MATERIAL SUPPLIED: Begin

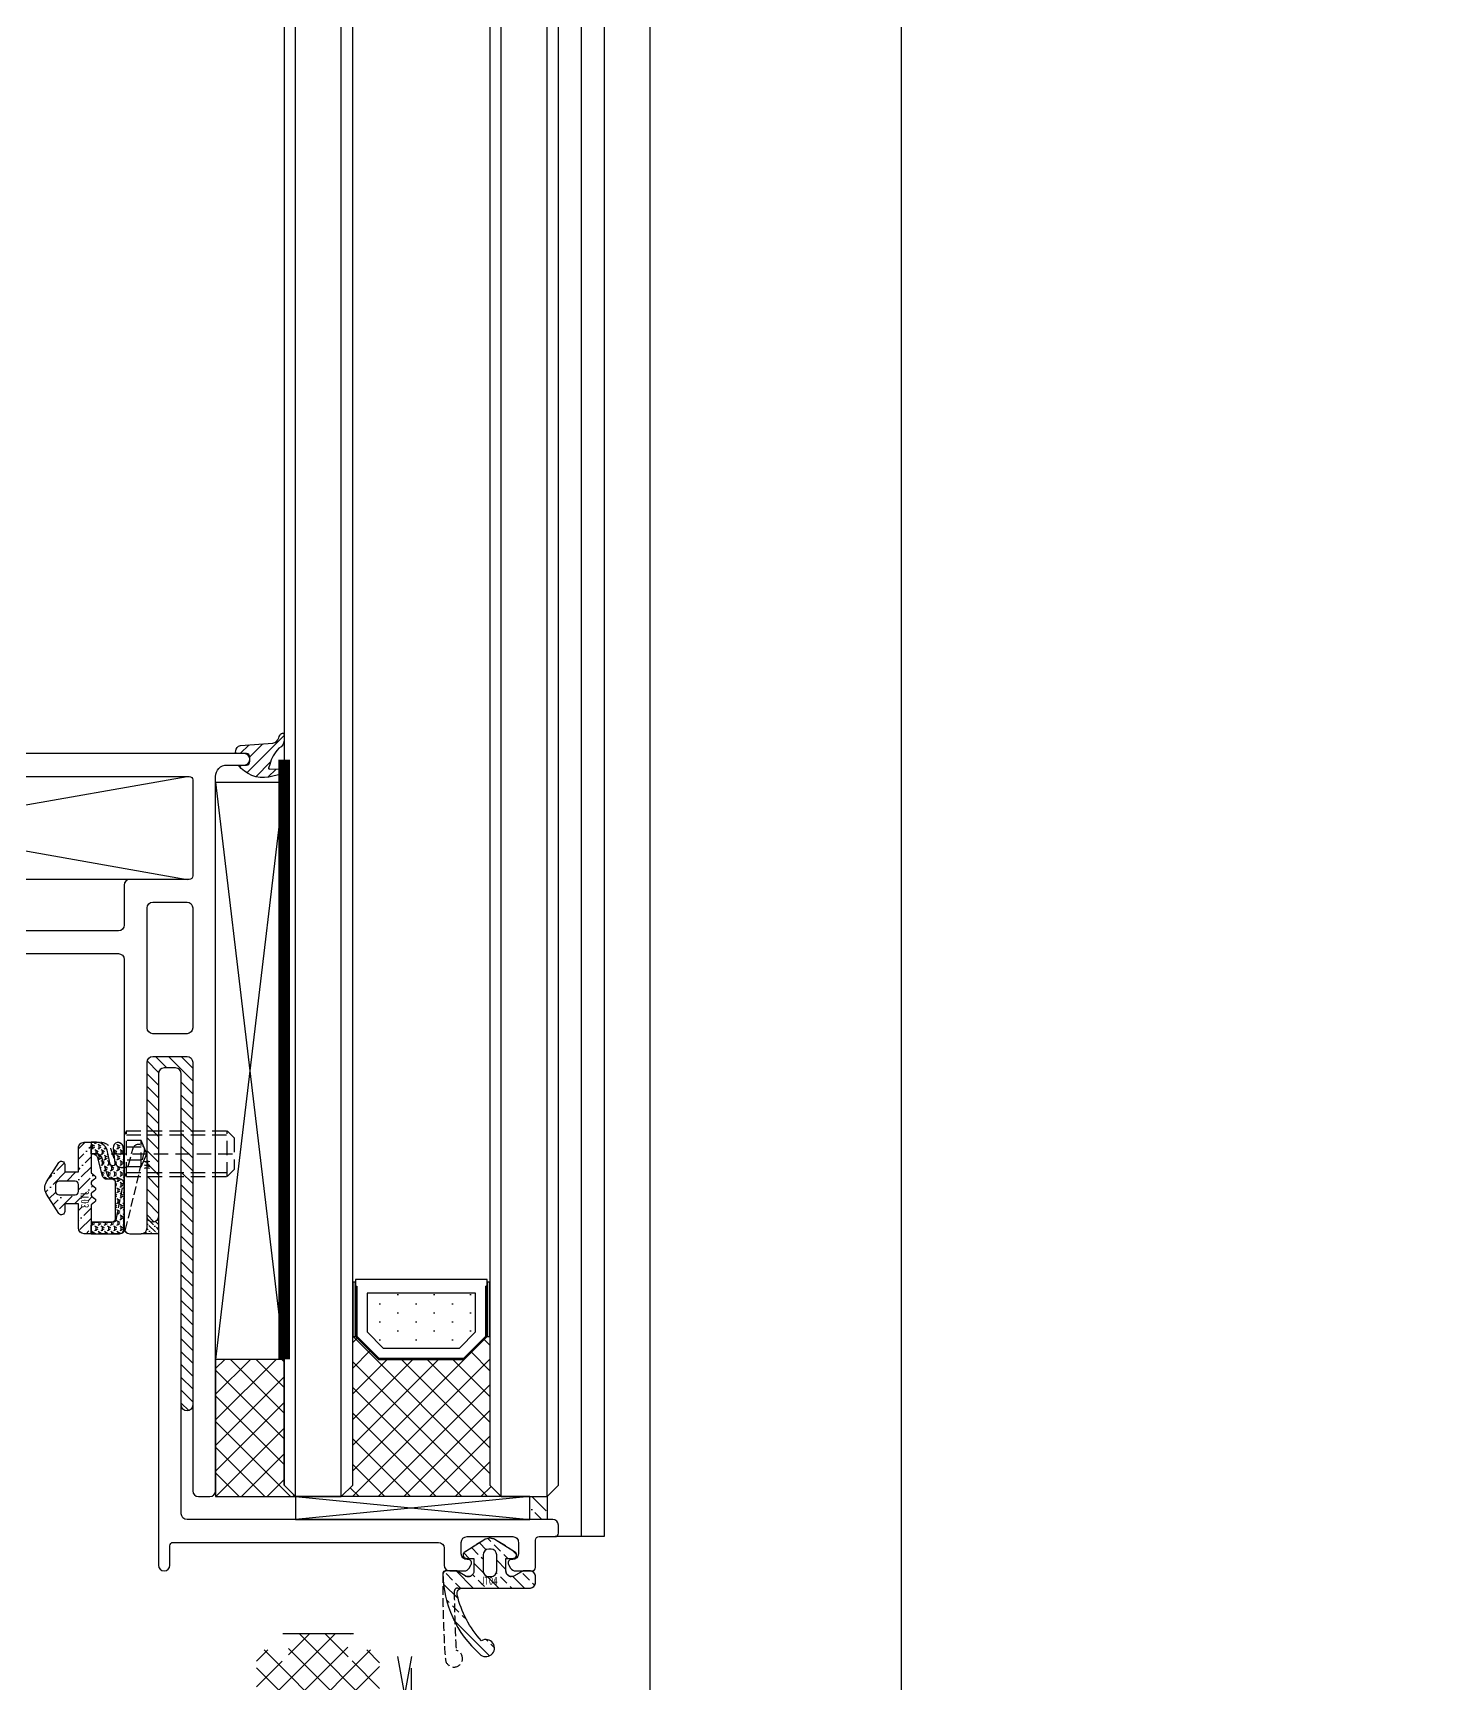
# Model space of a CAD drawing. Extents: x 220580 to 2027826, y -309201 to 71987.
# Drawn here: x 1042058.6 to 1042181, y -176766.7 to -176622.4 of the extents above; entities that cross this region are included whole.
import ezdxf
from ezdxf.enums import TextEntityAlignment as Align

# ---------------------------------------------------------------- set-up
doc = ezdxf.new("R2010")
doc.units = 0
for name, pattern in [('DASHED', [0.75, 0.5, -0.25]), ('HIDDEN2', [0.1875, 0.125, -0.0625]), ('ZN-DASH', [0.35, 0.25, -0.1])]:
    doc.linetypes.add(name, pattern=pattern)
for name, color, linetype in [('!ZN1-填充-8', 8, 'Continuous'), ('!ZN1-标注-173', 173, 'Continuous'), ('!ZN3-玻璃幕墙-4', 4, 'Continuous'), ('!ZN4-辅助材料-1', 1, 'Continuous'), ('!ZN4-配件-11', 11, 'Continuous'), ('!ZN5-铝材投影-112', 112, 'Continuous'), ('!ZN5-铝材断面-6', 6, 'Continuous'), ('!ZN6-虚线-8', 8, 'ZN-DASH'), ('1辅助材料', 1, 'Continuous'), ('4玻璃幕墙', 4, 'Continuous'), ('DIM', 173, 'Continuous'), ('Fill', 8, 'Continuous')]:
    doc.layers.add(name, color=color, linetype=linetype)
doc.styles.add('DHTEXT-1', font='ROMANS.shx', dxfattribs={"width": 0.7, "bigfont": 'CHINESE.shx'})
doc.styles.add('黑体', font='simhei.ttf', dxfattribs={"height": 12})
doc.dimstyles.new('ZN200', dxfattribs={"dimscale": 200, "dimtxt": 2.5, "dimasz": 1.5, "dimexe": 1, "dimexo": 2, "dimgap": 0.9, "dimtad": 1, "dimdec": 0, "dimdsep": 46, "dimtxsty": 'DHTEXT-1', "dimblk": 'ARCHTICK', "dimcen": 2.5, "dimclrd": 173, "dimclre": 173, "dimclrt": 7, "dimazin": 2, "dimtfac": 1, "dimtdec": 0, "dimtix": 1, "dimtmove": 2, "dimatfit": 3, "dimfxl": 0, "dimtolj": 1, "dimtzin": 0, "dimarcsym": 0})
pattern_1 = [(135, (0, 0), (-1.122532015133644, -1.122532015133644), []), (225, (0, 0), (1.122532015133644, -1.122532015133644), [])]

# ---------------------------------------------------------------- blocks, each defined once
blk = doc.blocks.new('*U390')
at = {"layer": '!ZN3-玻璃幕墙-4', "color": 7, "linetype": 'ZN-DASH', "ltscale": 500}
blk.add_lwpolyline([(0, 0, 0.06325422392991736), (300, 38.10499613777574), (0, 1199.999999999998)], format="xyb", dxfattribs=at)
blk = doc.blocks.new('*U261')
at = {"layer": '!ZN1-填充-8'}
h = blk.add_hatch(dxfattribs=at)
h.set_pattern_fill('ANSI37', color=256, scale=0.5, style=0)
h.set_pattern_definition([(45, (6, 0), (-1.122532015133644, 1.122532015133644), []), (135, (6, 0), (-1.122532015133644, -1.122532015133644), [])])
h.paths.add_polyline_path([(1.029468876367901e-06, 5.00000102652325), (1.029468876367901e-06, 19.00000102652371), (1.000001029469331, 18.00000102652325), (14.00000102946797, 18.00000102652325), (14.00000102946797, 17.75000102652325), (12.00000102946797, 15.75000102652325), (12.00000102946797, 8.250001026523705), (14.00000102946797, 6.250001026523705), (14.00000102946797, 6.000001026523705), (1.000001029469331, 6.000001026523705)])
for points in [[(18.75000205893684, 17.99999999999977), (14.00000205893684, 17.99999999999977), (14.00000205893684, 17.74999999999977), (18.75000205893684, 17.74999999999977)], [(18.75000205893684, 6.249999999999773), (14.00000205893684, 6.249999999999773), (14.00000205893684, 5.999999999999773), (18.75000205893684, 5.999999999999773)]]:
    blk.add_hatch(color=256, dxfattribs=at).paths.add_polyline_path(points)
h = blk.add_hatch(dxfattribs=at)
h.set_pattern_fill('DOTS', color=8, angle=-1.272221872585407e-14, style=0)
h.set_pattern_definition([(0, (6, 0), (0.7937500000000003, 1.5875), [0, -1.5875])])
h.paths.add_polyline_path([(13.00000246392847, 15.33578673215879), (13.00000246392847, 8.664213388665985), (14.4142185169444, 7.24999733565005), (17.80000246392865, 7.24999733565005), (17.80000246392865, 16.74999733565005), (14.41421306741995, 16.74999733565005)])
for p, q in [((2.058937752735801e-06, 22.99999999999977), (511.499991186812, 23.00000000001446)), ((1.029468876367901e-06, 19.00000102946865), (511.4999901573431, 19.00000102948334)), ((1.029468876367901e-06, 4.999999091356358), (511.4999901573431, 4.999999091371048)), ((2.058937752735801e-06, 1.000000120825234), (511.499991186812, 1.000000120839925))]:
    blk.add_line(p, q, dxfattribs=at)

MATERIAL SUPPLIED: End

### TASK REQUIREMENTS
With all pictures omitted, repeat every record above word for word.

### ANSWER FOR THIS EXERCISE
# Model space of a CAD drawing. Extents: x 220580 to 2027826, y -309201 to 71987.
# Drawn here: x 1042058.6 to 1042181, y -176766.7 to -176622.4 of the extents above; entities that cross this region are included whole.
import ezdxf
from ezdxf.enums import TextEntityAlignment as Align

# ---------------------------------------------------------------- set-up
doc = ezdxf.new("R2010")
doc.units = 0
for name, pattern in [('DASHED', [0.75, 0.5, -0.25]), ('HIDDEN2', [0.1875, 0.125, -0.0625]), ('ZN-DASH', [0.35, 0.25, -0.1])]:
    doc.linetypes.add(name, pattern=pattern)
for name, color, linetype in [('!ZN1-填充-8', 8, 'Continuous'), ('!ZN1-标注-173', 173, 'Continuous'), ('!ZN3-玻璃幕墙-4', 4, 'Continuous'), ('!ZN4-辅助材料-1', 1, 'Continuous'), ('!ZN4-配件-11', 11, 'Continuous'), ('!ZN5-铝材投影-112', 112, 'Continuous'), ('!ZN5-铝材断面-6', 6, 'Continuous'), ('!ZN6-虚线-8', 8, 'ZN-DASH'), ('1辅助材料', 1, 'Continuous'), ('4玻璃幕墙', 4, 'Continuous'), ('DIM', 173, 'Continuous'), ('Fill', 8, 'Continuous')]:
    doc.layers.add(name, color=color, linetype=linetype)
doc.styles.add('DHTEXT-1', font='ROMANS.shx', dxfattribs={"width": 0.7, "bigfont": 'CHINESE.shx'})
doc.styles.add('黑体', font='simhei.ttf', dxfattribs={"height": 12})
doc.dimstyles.new('ZN200', dxfattribs={"dimscale": 200, "dimtxt": 2.5, "dimasz": 1.5, "dimexe": 1, "dimexo": 2, "dimgap": 0.9, "dimtad": 1, "dimdec": 0, "dimdsep": 46, "dimtxsty": 'DHTEXT-1', "dimblk": 'ARCHTICK', "dimcen": 2.5, "dimclrd": 173, "dimclre": 173, "dimclrt": 7, "dimazin": 2, "dimtfac": 1, "dimtdec": 0, "dimtix": 1, "dimtmove": 2, "dimatfit": 3, "dimfxl": 0, "dimtolj": 1, "dimtzin": 0, "dimarcsym": 0})
pattern_1 = [(135, (0, 0), (-1.122532015133644, -1.122532015133644), []), (225, (0, 0), (1.122532015133644, -1.122532015133644), [])]

# ---------------------------------------------------------------- blocks, each defined once
blk = doc.blocks.new('*U390')
at = {"layer": '!ZN3-玻璃幕墙-4', "color": 7, "linetype": 'ZN-DASH', "ltscale": 500}
blk.add_lwpolyline([(0, 0, 0.06325422392991736), (300, 38.10499613777574), (0, 1199.999999999998)], format="xyb", dxfattribs=at)
blk = doc.blocks.new('*U261')
at = {"layer": '!ZN1-填充-8'}
h = blk.add_hatch(dxfattribs=at)
h.set_pattern_fill('ANSI37', color=256, scale=0.5, style=0)
h.set_pattern_definition([(45, (6, 0), (-1.122532015133644, 1.122532015133644), []), (135, (6, 0), (-1.122532015133644, -1.122532015133644), [])])
h.paths.add_polyline_path([(1.029468876367901e-06, 5.00000102652325), (1.029468876367901e-06, 19.00000102652371), (1.000001029469331, 18.00000102652325), (14.00000102946797, 18.00000102652325), (14.00000102946797, 17.75000102652325), (12.00000102946797, 15.75000102652325), (12.00000102946797, 8.250001026523705), (14.00000102946797, 6.250001026523705), (14.00000102946797, 6.000001026523705), (1.000001029469331, 6.000001026523705)])
for points in [[(18.75000205893684, 17.99999999999977), (14.00000205893684, 17.99999999999977), (14.00000205893684, 17.74999999999977), (18.75000205893684, 17.74999999999977)], [(18.75000205893684, 6.249999999999773), (14.00000205893684, 6.249999999999773), (14.00000205893684, 5.999999999999773), (18.75000205893684, 5.999999999999773)]]:
    blk.add_hatch(color=256, dxfattribs=at).paths.add_polyline_path(points)
h = blk.add_hatch(dxfattribs=at)
h.set_pattern_fill('DOTS', color=8, angle=-1.272221872585407e-14, style=0)
h.set_pattern_definition([(0, (6, 0), (0.7937500000000003, 1.5875), [0, -1.5875])])
h.paths.add_polyline_path([(13.00000246392847, 15.33578673215879), (13.00000246392847, 8.664213388665985), (14.4142185169444, 7.24999733565005), (17.80000246392865, 7.24999733565005), (17.80000246392865, 16.74999733565005), (14.41421306741995, 16.74999733565005)])
for p, q in [((2.058937752735801e-06, 22.99999999999977), (511.499991186812, 23.00000000001446)), ((1.029468876367901e-06, 19.00000102946865), (511.4999901573431, 19.00000102948334)), ((1.029468876367901e-06, 4.999999091356358), (511.4999901573431, 4.999999091371048)), ((2.058937752735801e-06, 1.000000120825234), (511.499991186812, 1.000000120839925))]:
    blk.add_line(p, q, dxfattribs=at)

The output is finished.